From now on this improved library will live at github.com/nomic-ai/deepscatter repo under a CC-BY-NC-SA license, where NC means research and personal use is encouraged, but any commercial applications require a license from Nomic. If you have any questions about using Deepscatter for something, join .
But you can also start making maps more easily and robustly by using Atlas. If you have a large collection of text, embeddings, or something else, do reach out! Atlas is invite-only right now, and you can join the waitlist here. I’m excited to start showing off some of what we’ve been working on–helping set up full-text search has been revelatory about what kinds of data interactions are now possible.

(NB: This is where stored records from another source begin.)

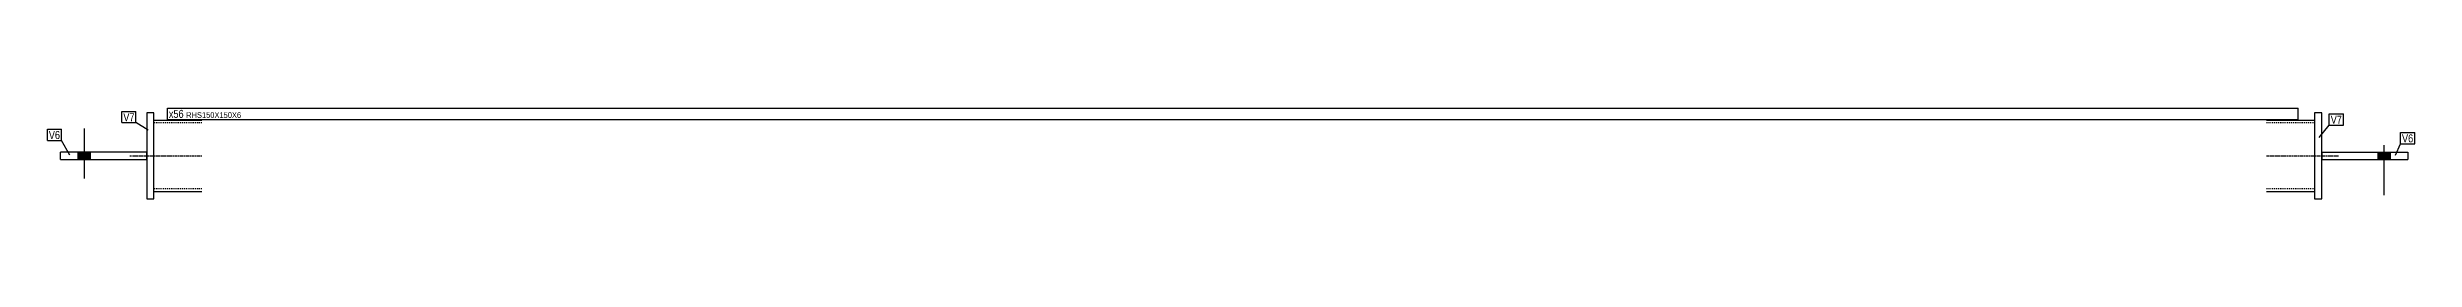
# Model space of a CAD drawing. Header units: millimetres. Extents: x 8 to 15691, y 12 to 619.
# Drawn here: x 10749 to 15691, y 12 to 202 of the extents above; entities that cross this region are included whole.
import ezdxf

# ---------------------------------------------------------------- set-up
doc = ezdxf.new("R2010")
doc.units = ezdxf.units.MM
doc.linetypes.add('DXK_LINE_DOT2', pattern=[3.9198, 1.9599, -1.9599])
doc.linetypes.add('DXK_LINE_DOT3', pattern=[5.9187, 2.979, -0.9799, 0.9799, -0.9799])
doc.layers.add('STÅL', color=7, linetype='Continuous')
doc.layers.add('TEKST', color=7, linetype='Continuous')
doc.styles.add('Arial Narrow', font='ARIALN.TTF', dxfattribs={"height": 0.2})

msp = doc.modelspace()

# ---------------------------------------------------------------- hatches: boundary and pattern name
at = {"layer": 'STÅL', "linetype": 'Continuous'}
for points in [[(10813.8, 94.5), (10839.8, 94.5), (10839.8, 109.5), (10813.8, 109.5)], [(10813.8, 94.5), (10839.8, 94.5), (10839.8, 109.5), (10813.8, 109.5)], [(10813.8, 94.5), (10839.8, 94.5), (10839.8, 109.5), (10813.8, 109.5)], [(15639.8, 109.5), (15613.8, 109.5), (15613.8, 94.5), (15639.8, 94.5)], [(15639.8, 109.5), (15613.8, 109.5), (15613.8, 94.5), (15639.8, 94.5)], [(15639.8, 109.5), (15613.8, 109.5), (15613.8, 94.5), (15639.8, 94.5)]]:
    msp.add_hatch(color=96, dxfattribs=at).paths.add_polyline_path(points)

# ---------------------------------------------------------------- linework, layer by layer
at = {"layer": 'STÅL', "color": 96, "linetype": 'Continuous'}
for p, q in [((10826.8, 54.5), (10826.8, 159.5)), ((10826.8, 54.5), (10826.8, 159.5)), ((10826.8, 54.5), (10826.8, 159.5)), ((10813.8, 94.5), (10813.8, 109.5)), ((10813.8, 94.5), (10813.8, 109.5)), ((10813.8, 94.5), (10813.8, 109.5)), ((10839.8, 94.5), (10839.8, 109.5)), ((10839.8, 94.5), (10839.8, 109.5)), ((10839.8, 94.5), (10839.8, 109.5)), ((15613.8, 109.5), (15613.8, 94.5)), ((15613.8, 109.5), (15613.8, 94.5)), ((15613.8, 109.5), (15613.8, 94.5)), ((15626.8, 124.5), (15626.8, 19.5)), ((15626.8, 124.5), (15626.8, 19.5)), ((15626.8, 124.5), (15626.8, 19.5)), ((15639.8, 109.5), (15639.8, 94.5)), ((15639.8, 109.5), (15639.8, 94.5)), ((15639.8, 109.5), (15639.8, 94.5))]:
    msp.add_line(p, q, dxfattribs=at)
at = {"layer": 'STÅL', "color": 2, "linetype": 'Continuous'}
for p, q in [((10956.8, 192), (10956.8, 12)), ((10971.8, 192), (10956.8, 192)), ((10971.8, 12), (10971.8, 192)), ((10971.8, 177), (11071.8, 177)), ((15381.8, 177), (15481.8, 177)), ((15496.8, 192), (15481.8, 192)), ((15481.8, 192), (15481.8, 12)), ((15496.8, 12), (15496.8, 192)), ((10776.8, 94.5), (10776.8, 109.5)), ((10956.8, 109.5), (10776.8, 109.5)), ((10956.8, 94.5), (10956.8, 109.5)), ((15496.8, 109.5), (15676.8, 109.5)), ((15496.8, 109.5), (15496.8, 94.5)), ((15676.8, 109.5), (15676.8, 94.5)), ((10776.8, 94.5), (10956.8, 94.5)), ((15496.8, 94.5), (15676.8, 94.5)), ((10956.8, 12), (10971.8, 12)), ((11071.8, 27), (10971.8, 27)), ((15481.8, 27), (15381.8, 27)), ((15481.8, 12), (15496.8, 12))]:
    msp.add_line(p, q, dxfattribs=at)
at = {"layer": 'STÅL', "color": 7, "linetype": 'DXK_LINE_DOT2'}
for p, q in [((10971.8, 27), (10971.8, 177)), ((11071.8, 171), (10971.8, 171)), ((15481.8, 171), (15381.8, 171)), ((15481.8, 177), (15481.8, 27)), ((11071.8, 33), (10971.8, 33)), ((15481.8, 33), (15381.8, 33))]:
    msp.add_line(p, q, dxfattribs=at)
at = {"layer": 'STÅL', "color": 7, "linetype": 'DXK_LINE_DOT3'}
for p, q in [((10921.8, 102), (11071.8, 102)), ((15381.8, 102), (15531.8, 102))]:
    msp.add_line(p, q, dxfattribs=at)

# ---------------------------------------------------------------- wipeouts: each hides what was drawn before it
at = {"color": 0}
for points in [[(10775.9, 137.3), (10775.9, 154.8), (10752.5, 154.8), (10752.5, 137.3)], [(10931.5, 174.5), (10931.5, 192), (10908, 192), (10908, 174.5)]]:
    msp.add_wipeout(points, dxfattribs=at).dxf.layer = 'TEKST'

# ---------------------------------------------------------------- next in the draw order: wipeouts: each hides what was drawn before it
for points in [[(11034, 181.4), (11034, 198.9), (11003.1, 198.9), (11003.1, 181.4)], [(10775.9, 137.3), (10775.9, 154.8), (10752.5, 154.8), (10752.5, 137.3)], [(10931.5, 174.5), (10931.5, 192), (10908, 192), (10908, 174.5)], [(15539, 169.4), (15539, 186.9), (15515.6, 186.9), (15515.6, 169.4)], [(15687.9, 130.2), (15687.9, 147.7), (15664.4, 147.7), (15664.4, 130.2)]]:
    msp.add_wipeout(points, dxfattribs=at).dxf.layer = 'TEKST'

# ---------------------------------------------------------------- next in the draw order: linework, layer by layer
at = {"layer": 'TEKST', "color": 7, "linetype": 'Continuous'}
for p, q in [((10749.5, 157.8), (10778.9, 157.8)), ((10749.5, 134.3), (10749.5, 157.8)), ((10778.9, 134.3), (10778.9, 157.8)), ((10905, 195), (10934.5, 195)), ((10905, 171.5), (10905, 195)), ((10905, 171.5), (10934.5, 171.5)), ((10934.5, 171.5), (10934.5, 195)), ((10960, 155.7), (10934.5, 171.5)), ((10749.5, 134.3), (10778.9, 134.3)), ((10796.4, 103.1), (10778.9, 134.3))]:
    msp.add_line(p, q, dxfattribs=at)

# ---------------------------------------------------------------- next in the draw order: texts
at = {"layer": 'TEKST', "color": 3, "style": 'Arial Narrow'}
for s, p in [('V6', (10752.5, 137.3)), ('V7', (10908, 174.5))]:
    msp.add_text(s, height=16.7, dxfattribs=at).set_placement(p)

# ---------------------------------------------------------------- next in the draw order: wipeouts: each hides what was drawn before it
at = {"color": 0}
for points in [[(11034, 181.4), (11034, 198.9), (11003.1, 198.9), (11003.1, 181.4)], [(15539, 169.4), (15539, 186.9), (15515.6, 186.9), (15515.6, 169.4)], [(15687.9, 130.2), (15687.9, 147.7), (15664.4, 147.7), (15664.4, 130.2)]]:
    msp.add_wipeout(points, dxfattribs=at).dxf.layer = 'TEKST'

# ---------------------------------------------------------------- next in the draw order: linework, layer by layer
at = {"layer": 'TEKST', "color": 7, "linetype": 'Continuous'}
for p, q in [((11000.1, 178.4), (11000.1, 201.9)), ((10999.6, 177), (11000.1, 178.4)), ((15491.6, 140.6), (15512.6, 166.4)), ((15512.6, 189.9), (15542, 189.9)), ((15512.6, 166.4), (15512.6, 189.9)), ((15512.6, 166.4), (15542, 166.4)), ((15542, 166.4), (15542, 189.9)), ((15661.4, 150.7), (15690.9, 150.7)), ((15661.4, 127.2), (15661.4, 150.7)), ((15690.9, 127.2), (15690.9, 150.7)), ((15650.9, 103.2), (15661.4, 127.2)), ((15661.4, 127.2), (15690.9, 127.2))]:
    msp.add_line(p, q, dxfattribs=at)

# ---------------------------------------------------------------- next in the draw order: texts
at = {"layer": 'TEKST', "color": 3, "style": 'Arial Narrow'}
for s, p in [('V7', (15515.6, 169.4)), ('V6', (15664.4, 130.2))]:
    msp.add_text(s, height=16.7, dxfattribs=at).set_placement(p)

# ---------------------------------------------------------------- next in the draw order: wipeouts: each hides what was drawn before it
at = {"color": 0}
msp.add_wipeout([(15444.7, 181.4), (15444.7, 193.9), (11039.2, 193.9), (11039.2, 181.4)], dxfattribs=at).dxf.layer = 'TEKST'

# ---------------------------------------------------------------- next in the draw order: wipeouts: each hides what was drawn before it
msp.add_wipeout([(15444.7, 181.4), (15444.7, 193.9), (11039.2, 193.9), (11039.2, 181.4)], dxfattribs=at).dxf.layer = 'TEKST'

# ---------------------------------------------------------------- next in the draw order: linework, layer by layer
at = {"layer": 'TEKST', "color": 7, "linetype": 'Continuous'}
for p, q in [((11000.1, 201.9), (15447.7, 201.9)), ((15447.7, 178.4), (15447.7, 201.9)), ((11000.1, 178.4), (15447.7, 178.4))]:
    msp.add_line(p, q, dxfattribs=at)

# ---------------------------------------------------------------- next in the draw order: texts
at = {"layer": 'TEKST', "color": 3, "style": 'Arial Narrow'}
for s, height, p in [('x56', 16.7, (11003.1, 181.4)), ('RHS150X150X6', 11.93, (11039.2, 181.4))]:
    msp.add_text(s, height=height, dxfattribs=at).set_placement(p)

doc.saveas('drawing.dxf')

I’ve written and discussed a lot over the years about the humanities, the university, the sciences, and all the rest, so leaving at this moment feels a bit more fraught for me than it would for most. Some of our redoubts are dealing with a slight fire and brimstone problem–I’m sure I’ll take some chances to look back on those bigger questions soon. But not too soon–don’t want to turn into a pillar of salt.
I do want to thank and note some people at NYU as I go, though. In the past three years many students and faculty have made great strides in digital humanities, and it has been exciting to help introduce many students to digital humanities work and to create spaces that encourage new and interesting work. In my role as director of digital humanities I launched, alongside Zach Coble in Digital Scholarship, a new seed grant program that has funded sixteen DH projects: several have already earned major external grants, and I’m sure you’ll be hearing more from some of them in the future. . I also managed to cobble together funding for a new series of summer fellowships starting in 2021: running this summer class with Jojo Karlin and others at the libraries has been extremely rewarding. (–and I should say it’s a delight to be able to link to the new website that we built last spring and which Marii Nyrop superintended in just one of their irreplaceable contributions to DH community life at NYU.) I co-directed, with Ellen Noonan and Sibylle Fischer, the Asylum Lab, what was my intellectual lodestar at the university taking an interdisciplinary approach to understanding the life stories migrant records from the last hundred years with a group of graduate students and an undergraduate class. And teaching, talking to, and working with students from all levels and fields at NYU was uniformly a joy.
But while it’s hard to walk away, like so many people during this pandemic I realized that there’s no time to waste. And I’m excited to see what’s next.